With few exceptions, farmers and gardeners alike complain when they have to deal with heavy clay soil - the type that sticks to their boots and tools. Whole industries exist to loosen such soil or to assist water in penetrating brick-solid surfaces.
But, if those frustrated growers were to step over to any nearby naturally wooded area, they would discover that the soil under those untended trees, shrubs and grasses is generally loose to the point where a person can scoop into it with bare hands.
What's going on here? Why dense sticky clay a few feet away from loose soil? Were the wooded areas just lucky enough to get better dirt?
Well, as usual, the answer is mycorrhizal fungi. Undisturbed, these beneficial organisms will completely colonize every square inch of the soil surrounding their host plants and form massive networks of interlinked hyphae (their microscopic root threads).
This hyphae network, sometimes called a "foodweb", serves many useful purposes underground: searching soil for nutrients that are brought back to the plant as needed; exchanging nutrients between established plants and seedlings; providing fodder for countless other soil organisms; preventing access to plant roots by pathogens; etc.
Indeed, it would be difficult to point to just one of these functions as being the most valuable to plants, but physically improving soils would have to rank near the top. The tiny platelets that make up clay are separated and pushed apart by exploring hyphae. This action "opens up" dense soil, which then gives water and oxygen easy access to the root zone - in effect, allowing the soil to "breathe" and quickly drain away excessive moisture.

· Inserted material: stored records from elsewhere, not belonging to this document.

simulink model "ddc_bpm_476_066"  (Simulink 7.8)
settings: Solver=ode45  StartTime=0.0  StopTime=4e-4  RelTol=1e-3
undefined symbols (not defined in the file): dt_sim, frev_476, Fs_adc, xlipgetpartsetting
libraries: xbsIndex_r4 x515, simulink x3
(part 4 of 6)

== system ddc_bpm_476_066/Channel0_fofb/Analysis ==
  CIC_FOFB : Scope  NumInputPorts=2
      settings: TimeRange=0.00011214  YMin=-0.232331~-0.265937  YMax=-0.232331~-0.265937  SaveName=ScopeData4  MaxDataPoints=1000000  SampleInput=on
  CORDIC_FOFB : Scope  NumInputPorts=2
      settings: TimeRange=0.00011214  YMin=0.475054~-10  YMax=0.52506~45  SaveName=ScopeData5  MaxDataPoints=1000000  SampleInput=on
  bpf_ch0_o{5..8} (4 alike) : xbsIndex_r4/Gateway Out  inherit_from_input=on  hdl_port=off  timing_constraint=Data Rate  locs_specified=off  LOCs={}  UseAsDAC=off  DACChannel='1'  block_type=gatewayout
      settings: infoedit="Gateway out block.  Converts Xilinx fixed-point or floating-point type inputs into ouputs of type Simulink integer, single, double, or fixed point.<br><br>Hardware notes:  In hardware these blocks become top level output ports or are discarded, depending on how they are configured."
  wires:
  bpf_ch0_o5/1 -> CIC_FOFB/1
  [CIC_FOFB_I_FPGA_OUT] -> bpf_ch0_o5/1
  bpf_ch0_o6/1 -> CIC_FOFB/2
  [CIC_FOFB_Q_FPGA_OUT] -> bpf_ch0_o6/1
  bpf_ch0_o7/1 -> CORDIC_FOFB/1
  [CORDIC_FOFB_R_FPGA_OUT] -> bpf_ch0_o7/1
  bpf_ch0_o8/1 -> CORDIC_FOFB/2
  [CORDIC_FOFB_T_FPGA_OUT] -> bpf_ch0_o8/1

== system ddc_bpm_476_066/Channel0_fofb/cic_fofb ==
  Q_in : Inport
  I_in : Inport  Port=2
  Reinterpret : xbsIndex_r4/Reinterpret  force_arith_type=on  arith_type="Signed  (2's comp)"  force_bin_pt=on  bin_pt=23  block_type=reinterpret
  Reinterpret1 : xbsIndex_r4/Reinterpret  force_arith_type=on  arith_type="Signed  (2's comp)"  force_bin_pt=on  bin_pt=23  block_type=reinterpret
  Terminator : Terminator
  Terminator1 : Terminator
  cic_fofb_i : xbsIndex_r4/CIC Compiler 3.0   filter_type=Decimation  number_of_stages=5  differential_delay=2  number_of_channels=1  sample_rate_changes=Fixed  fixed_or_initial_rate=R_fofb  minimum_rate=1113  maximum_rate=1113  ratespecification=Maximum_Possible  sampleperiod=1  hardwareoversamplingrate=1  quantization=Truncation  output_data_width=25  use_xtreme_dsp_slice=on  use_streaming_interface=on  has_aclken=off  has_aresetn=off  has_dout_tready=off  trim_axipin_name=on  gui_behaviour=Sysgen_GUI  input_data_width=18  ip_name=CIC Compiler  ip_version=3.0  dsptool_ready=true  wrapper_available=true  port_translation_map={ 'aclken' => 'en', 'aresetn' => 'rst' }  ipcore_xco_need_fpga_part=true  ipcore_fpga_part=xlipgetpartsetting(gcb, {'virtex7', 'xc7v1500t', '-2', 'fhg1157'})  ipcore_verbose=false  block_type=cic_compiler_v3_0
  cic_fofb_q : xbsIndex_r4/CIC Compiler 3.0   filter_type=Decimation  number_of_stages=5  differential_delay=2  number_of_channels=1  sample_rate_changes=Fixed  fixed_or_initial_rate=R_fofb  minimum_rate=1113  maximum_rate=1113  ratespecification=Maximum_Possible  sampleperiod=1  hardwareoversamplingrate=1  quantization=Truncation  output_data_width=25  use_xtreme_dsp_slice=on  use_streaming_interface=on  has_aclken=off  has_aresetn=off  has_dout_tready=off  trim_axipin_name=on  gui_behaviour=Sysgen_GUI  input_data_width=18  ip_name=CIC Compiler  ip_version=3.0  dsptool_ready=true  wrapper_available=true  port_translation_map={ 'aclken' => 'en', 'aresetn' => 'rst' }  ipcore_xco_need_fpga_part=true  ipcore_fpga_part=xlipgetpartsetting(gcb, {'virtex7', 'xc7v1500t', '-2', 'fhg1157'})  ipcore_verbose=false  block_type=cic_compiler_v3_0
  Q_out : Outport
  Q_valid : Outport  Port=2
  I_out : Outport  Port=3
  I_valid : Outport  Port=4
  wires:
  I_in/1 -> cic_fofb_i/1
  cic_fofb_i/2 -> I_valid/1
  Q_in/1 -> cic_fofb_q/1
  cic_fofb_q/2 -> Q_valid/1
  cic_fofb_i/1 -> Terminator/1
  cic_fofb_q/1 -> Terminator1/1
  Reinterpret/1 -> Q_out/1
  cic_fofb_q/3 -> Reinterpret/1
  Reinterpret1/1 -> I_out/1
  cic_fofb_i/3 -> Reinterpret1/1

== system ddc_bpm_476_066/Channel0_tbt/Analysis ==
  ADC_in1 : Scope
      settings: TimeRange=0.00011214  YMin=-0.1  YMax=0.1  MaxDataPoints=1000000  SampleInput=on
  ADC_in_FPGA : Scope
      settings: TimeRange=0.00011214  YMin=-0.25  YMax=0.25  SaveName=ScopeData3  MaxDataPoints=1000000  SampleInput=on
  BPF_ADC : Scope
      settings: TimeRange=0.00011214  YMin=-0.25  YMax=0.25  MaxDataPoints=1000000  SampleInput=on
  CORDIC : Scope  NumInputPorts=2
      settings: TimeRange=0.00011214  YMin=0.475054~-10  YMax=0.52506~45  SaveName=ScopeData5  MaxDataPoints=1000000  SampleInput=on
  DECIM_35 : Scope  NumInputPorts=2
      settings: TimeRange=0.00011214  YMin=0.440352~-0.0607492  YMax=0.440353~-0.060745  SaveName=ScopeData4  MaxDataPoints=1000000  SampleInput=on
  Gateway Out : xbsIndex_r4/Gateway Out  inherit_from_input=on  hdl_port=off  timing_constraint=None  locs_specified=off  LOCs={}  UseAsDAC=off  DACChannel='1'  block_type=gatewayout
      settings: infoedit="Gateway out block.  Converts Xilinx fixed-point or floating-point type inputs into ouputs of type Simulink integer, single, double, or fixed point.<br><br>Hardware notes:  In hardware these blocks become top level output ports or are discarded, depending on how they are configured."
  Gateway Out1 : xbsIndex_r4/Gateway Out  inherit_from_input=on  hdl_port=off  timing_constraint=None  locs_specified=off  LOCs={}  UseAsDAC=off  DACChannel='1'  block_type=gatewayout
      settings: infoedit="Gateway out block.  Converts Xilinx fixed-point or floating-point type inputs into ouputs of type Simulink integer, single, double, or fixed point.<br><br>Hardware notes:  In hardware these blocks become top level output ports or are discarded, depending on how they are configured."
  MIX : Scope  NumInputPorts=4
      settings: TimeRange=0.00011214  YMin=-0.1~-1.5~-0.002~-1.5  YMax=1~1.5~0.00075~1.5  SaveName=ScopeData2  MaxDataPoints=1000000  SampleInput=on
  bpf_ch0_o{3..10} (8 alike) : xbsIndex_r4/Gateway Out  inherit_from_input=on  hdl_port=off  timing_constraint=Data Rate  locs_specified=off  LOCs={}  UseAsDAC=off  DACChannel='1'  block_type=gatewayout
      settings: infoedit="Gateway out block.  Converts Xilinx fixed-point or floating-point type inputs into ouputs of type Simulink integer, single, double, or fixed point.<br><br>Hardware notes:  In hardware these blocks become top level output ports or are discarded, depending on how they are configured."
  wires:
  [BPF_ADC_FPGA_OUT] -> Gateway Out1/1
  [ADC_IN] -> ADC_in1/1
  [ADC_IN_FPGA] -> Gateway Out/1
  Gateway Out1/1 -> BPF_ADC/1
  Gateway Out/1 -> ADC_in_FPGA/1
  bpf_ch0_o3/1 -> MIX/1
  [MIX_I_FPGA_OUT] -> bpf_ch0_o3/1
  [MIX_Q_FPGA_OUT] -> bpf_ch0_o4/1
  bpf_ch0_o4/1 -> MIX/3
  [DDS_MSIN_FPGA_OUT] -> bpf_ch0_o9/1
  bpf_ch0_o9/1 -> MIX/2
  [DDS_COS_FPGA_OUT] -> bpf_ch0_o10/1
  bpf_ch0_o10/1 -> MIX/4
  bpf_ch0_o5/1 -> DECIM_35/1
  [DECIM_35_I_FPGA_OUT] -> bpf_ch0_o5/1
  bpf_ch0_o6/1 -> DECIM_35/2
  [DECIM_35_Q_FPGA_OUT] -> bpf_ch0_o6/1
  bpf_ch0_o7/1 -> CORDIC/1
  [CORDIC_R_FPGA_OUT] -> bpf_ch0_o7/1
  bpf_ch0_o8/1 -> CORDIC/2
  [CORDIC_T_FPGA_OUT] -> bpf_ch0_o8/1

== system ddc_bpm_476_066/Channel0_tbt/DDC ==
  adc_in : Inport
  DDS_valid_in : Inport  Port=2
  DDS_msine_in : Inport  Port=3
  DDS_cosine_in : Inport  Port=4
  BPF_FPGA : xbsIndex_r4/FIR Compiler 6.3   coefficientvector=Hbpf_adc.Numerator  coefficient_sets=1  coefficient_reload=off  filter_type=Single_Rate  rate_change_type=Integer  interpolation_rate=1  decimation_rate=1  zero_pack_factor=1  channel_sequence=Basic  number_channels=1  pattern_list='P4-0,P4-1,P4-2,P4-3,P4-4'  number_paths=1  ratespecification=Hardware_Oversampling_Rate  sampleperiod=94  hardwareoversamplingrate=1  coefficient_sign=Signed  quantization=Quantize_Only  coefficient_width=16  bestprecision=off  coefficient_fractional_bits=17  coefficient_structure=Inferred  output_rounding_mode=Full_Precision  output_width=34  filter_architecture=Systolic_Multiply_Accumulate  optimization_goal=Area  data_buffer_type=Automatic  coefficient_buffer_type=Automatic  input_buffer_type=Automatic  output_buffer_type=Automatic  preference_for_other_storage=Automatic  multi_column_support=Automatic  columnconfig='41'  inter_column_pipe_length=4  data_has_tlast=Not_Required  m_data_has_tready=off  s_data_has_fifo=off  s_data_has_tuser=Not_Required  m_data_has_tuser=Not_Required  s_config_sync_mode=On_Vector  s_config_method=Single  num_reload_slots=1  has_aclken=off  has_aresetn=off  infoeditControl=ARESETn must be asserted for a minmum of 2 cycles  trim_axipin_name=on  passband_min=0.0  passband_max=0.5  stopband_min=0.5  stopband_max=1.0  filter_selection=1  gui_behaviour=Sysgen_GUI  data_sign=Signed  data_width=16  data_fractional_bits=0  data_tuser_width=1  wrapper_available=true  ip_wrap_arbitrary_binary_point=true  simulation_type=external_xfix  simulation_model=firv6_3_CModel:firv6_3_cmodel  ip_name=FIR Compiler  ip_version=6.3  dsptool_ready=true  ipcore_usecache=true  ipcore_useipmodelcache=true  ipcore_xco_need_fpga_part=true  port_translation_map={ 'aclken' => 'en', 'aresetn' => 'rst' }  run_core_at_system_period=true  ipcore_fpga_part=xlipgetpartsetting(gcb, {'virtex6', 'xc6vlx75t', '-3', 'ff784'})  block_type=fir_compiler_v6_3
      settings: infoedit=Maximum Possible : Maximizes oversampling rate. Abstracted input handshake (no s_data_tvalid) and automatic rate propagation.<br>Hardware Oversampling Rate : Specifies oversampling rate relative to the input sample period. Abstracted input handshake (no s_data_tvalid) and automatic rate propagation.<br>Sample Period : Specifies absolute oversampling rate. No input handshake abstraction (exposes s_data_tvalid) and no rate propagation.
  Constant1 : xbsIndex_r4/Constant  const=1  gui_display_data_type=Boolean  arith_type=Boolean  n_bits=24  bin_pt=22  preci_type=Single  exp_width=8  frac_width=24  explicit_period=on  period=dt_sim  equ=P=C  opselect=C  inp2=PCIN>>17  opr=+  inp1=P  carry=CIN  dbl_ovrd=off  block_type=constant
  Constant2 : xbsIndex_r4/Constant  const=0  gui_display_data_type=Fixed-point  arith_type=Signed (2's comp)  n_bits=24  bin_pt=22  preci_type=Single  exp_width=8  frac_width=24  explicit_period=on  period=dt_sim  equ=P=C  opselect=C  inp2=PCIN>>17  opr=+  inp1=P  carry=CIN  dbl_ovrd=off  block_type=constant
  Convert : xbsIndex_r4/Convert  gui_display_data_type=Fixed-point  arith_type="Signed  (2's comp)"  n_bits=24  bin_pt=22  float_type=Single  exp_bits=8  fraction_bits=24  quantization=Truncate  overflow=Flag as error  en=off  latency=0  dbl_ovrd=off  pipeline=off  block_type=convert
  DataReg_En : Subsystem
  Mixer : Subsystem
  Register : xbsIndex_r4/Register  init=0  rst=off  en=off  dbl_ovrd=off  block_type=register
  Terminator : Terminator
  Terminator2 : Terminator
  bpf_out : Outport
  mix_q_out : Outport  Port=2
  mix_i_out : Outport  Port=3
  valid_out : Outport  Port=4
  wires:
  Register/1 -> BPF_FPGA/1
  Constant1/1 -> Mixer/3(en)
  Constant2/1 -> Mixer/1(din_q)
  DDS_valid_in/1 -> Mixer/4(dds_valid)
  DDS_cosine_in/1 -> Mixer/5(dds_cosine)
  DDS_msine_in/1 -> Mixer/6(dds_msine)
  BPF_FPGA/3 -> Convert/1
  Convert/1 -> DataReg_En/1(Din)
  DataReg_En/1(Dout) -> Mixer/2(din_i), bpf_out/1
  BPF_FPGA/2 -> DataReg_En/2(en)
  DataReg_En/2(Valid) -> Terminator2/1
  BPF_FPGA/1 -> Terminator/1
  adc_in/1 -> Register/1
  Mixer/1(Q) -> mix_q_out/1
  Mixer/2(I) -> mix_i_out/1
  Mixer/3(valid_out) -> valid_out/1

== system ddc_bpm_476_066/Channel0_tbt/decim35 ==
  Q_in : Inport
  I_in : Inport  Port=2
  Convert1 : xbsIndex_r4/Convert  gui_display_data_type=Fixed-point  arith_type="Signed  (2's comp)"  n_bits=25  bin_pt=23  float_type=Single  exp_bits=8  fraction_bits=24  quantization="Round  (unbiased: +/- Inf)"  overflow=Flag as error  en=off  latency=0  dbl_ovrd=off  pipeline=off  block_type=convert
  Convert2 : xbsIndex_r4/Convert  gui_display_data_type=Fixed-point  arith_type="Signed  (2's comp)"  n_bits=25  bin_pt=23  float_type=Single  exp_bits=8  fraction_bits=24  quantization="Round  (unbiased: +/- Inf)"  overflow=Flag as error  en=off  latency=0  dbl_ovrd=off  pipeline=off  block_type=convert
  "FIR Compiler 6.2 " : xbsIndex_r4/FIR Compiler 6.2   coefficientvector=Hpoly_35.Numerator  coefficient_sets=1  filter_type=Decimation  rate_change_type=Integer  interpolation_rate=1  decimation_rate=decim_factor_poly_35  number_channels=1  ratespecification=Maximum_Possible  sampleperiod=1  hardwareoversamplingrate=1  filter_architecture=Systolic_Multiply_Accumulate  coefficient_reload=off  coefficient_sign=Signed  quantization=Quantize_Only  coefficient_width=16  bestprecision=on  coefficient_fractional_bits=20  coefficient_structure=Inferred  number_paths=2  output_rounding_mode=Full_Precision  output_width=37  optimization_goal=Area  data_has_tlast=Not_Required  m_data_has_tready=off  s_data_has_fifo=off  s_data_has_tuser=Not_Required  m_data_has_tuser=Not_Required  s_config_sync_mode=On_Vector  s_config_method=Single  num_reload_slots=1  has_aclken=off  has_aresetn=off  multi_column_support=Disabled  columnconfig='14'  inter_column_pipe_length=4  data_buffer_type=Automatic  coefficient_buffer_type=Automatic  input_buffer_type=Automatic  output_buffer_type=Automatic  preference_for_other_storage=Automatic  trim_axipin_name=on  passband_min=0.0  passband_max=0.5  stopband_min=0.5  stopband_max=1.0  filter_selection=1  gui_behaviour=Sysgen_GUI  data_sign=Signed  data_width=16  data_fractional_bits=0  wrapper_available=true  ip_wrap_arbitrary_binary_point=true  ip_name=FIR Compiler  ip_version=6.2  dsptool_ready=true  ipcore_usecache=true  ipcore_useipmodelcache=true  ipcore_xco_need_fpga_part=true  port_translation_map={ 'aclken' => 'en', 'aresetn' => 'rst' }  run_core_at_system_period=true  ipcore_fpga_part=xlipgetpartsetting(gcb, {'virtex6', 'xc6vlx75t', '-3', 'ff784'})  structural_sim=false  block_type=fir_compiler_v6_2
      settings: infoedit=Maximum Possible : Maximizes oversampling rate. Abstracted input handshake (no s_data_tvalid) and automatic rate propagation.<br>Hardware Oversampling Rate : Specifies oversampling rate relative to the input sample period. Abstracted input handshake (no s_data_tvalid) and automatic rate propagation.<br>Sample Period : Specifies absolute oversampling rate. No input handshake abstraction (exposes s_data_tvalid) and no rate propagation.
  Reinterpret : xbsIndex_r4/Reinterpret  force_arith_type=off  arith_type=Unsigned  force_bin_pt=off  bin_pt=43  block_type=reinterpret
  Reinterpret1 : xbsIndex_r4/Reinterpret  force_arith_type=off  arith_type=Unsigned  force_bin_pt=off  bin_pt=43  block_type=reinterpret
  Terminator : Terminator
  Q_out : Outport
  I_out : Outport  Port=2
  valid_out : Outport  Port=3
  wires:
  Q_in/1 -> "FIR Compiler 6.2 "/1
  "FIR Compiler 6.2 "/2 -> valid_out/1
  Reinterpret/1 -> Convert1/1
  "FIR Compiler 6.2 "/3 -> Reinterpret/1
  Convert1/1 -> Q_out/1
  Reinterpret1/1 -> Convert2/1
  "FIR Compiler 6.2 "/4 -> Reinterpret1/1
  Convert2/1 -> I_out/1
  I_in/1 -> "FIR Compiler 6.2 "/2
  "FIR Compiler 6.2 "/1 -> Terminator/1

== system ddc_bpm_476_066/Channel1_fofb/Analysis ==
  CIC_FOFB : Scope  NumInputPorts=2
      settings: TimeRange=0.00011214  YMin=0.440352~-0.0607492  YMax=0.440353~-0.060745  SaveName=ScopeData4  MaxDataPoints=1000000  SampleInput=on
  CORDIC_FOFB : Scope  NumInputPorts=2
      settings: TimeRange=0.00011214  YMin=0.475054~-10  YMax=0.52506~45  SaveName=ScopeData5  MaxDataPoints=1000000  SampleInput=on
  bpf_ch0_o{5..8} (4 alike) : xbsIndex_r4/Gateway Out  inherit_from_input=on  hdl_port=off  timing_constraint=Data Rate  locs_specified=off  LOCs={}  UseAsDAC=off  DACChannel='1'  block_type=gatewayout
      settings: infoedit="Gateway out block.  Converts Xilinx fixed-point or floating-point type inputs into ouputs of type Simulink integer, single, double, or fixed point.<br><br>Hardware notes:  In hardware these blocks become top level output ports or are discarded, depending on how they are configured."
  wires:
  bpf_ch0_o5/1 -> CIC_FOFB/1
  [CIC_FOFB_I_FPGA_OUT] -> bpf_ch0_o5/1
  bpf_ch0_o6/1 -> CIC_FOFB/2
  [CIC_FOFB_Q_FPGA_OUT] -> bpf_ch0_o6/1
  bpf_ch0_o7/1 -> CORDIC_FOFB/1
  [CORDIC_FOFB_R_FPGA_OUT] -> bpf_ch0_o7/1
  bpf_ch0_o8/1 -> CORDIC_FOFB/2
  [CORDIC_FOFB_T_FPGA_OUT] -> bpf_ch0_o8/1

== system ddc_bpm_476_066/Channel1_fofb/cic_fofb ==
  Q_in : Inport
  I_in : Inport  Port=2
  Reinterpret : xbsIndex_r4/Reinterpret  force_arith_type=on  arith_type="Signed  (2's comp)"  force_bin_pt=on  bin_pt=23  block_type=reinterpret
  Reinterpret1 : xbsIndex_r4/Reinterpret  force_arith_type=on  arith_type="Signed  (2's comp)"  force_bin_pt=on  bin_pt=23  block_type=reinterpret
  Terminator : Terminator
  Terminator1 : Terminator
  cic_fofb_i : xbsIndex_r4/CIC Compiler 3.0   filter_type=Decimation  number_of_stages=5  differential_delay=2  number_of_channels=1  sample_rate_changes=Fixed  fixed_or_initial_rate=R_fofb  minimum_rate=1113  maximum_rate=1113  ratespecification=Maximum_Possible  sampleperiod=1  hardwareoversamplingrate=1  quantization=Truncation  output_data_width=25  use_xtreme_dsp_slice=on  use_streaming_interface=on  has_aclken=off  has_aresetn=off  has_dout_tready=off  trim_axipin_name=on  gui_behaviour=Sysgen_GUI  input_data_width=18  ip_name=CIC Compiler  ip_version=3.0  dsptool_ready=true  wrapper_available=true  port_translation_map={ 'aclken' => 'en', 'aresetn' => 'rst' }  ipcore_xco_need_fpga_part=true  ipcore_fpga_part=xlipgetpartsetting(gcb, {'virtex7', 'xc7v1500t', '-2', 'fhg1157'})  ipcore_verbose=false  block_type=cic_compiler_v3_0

Plants and all sorts of aerobic soil organisms thrive in such conditions, and their success then supports further growth of the beneficial fungi - a most useful and self-sustaining symbiotic cycle. When these fungi and their extensive hyphae network are destroyed by tillage and the application of high-analysis synthetic fertilizers, the clay platelets stack tightly together and the soil becomes compacted and waterlogged.
Many aerobic organisms, from worms down to friendly bacteria, cannot tolerate tight soggy soil, leaving growers on their own to deal with the stuck-together clay platelets. Tillage fluffs up such soil only temporarily, as any owner of a rototiller who then uses chemical fertilizers will verify.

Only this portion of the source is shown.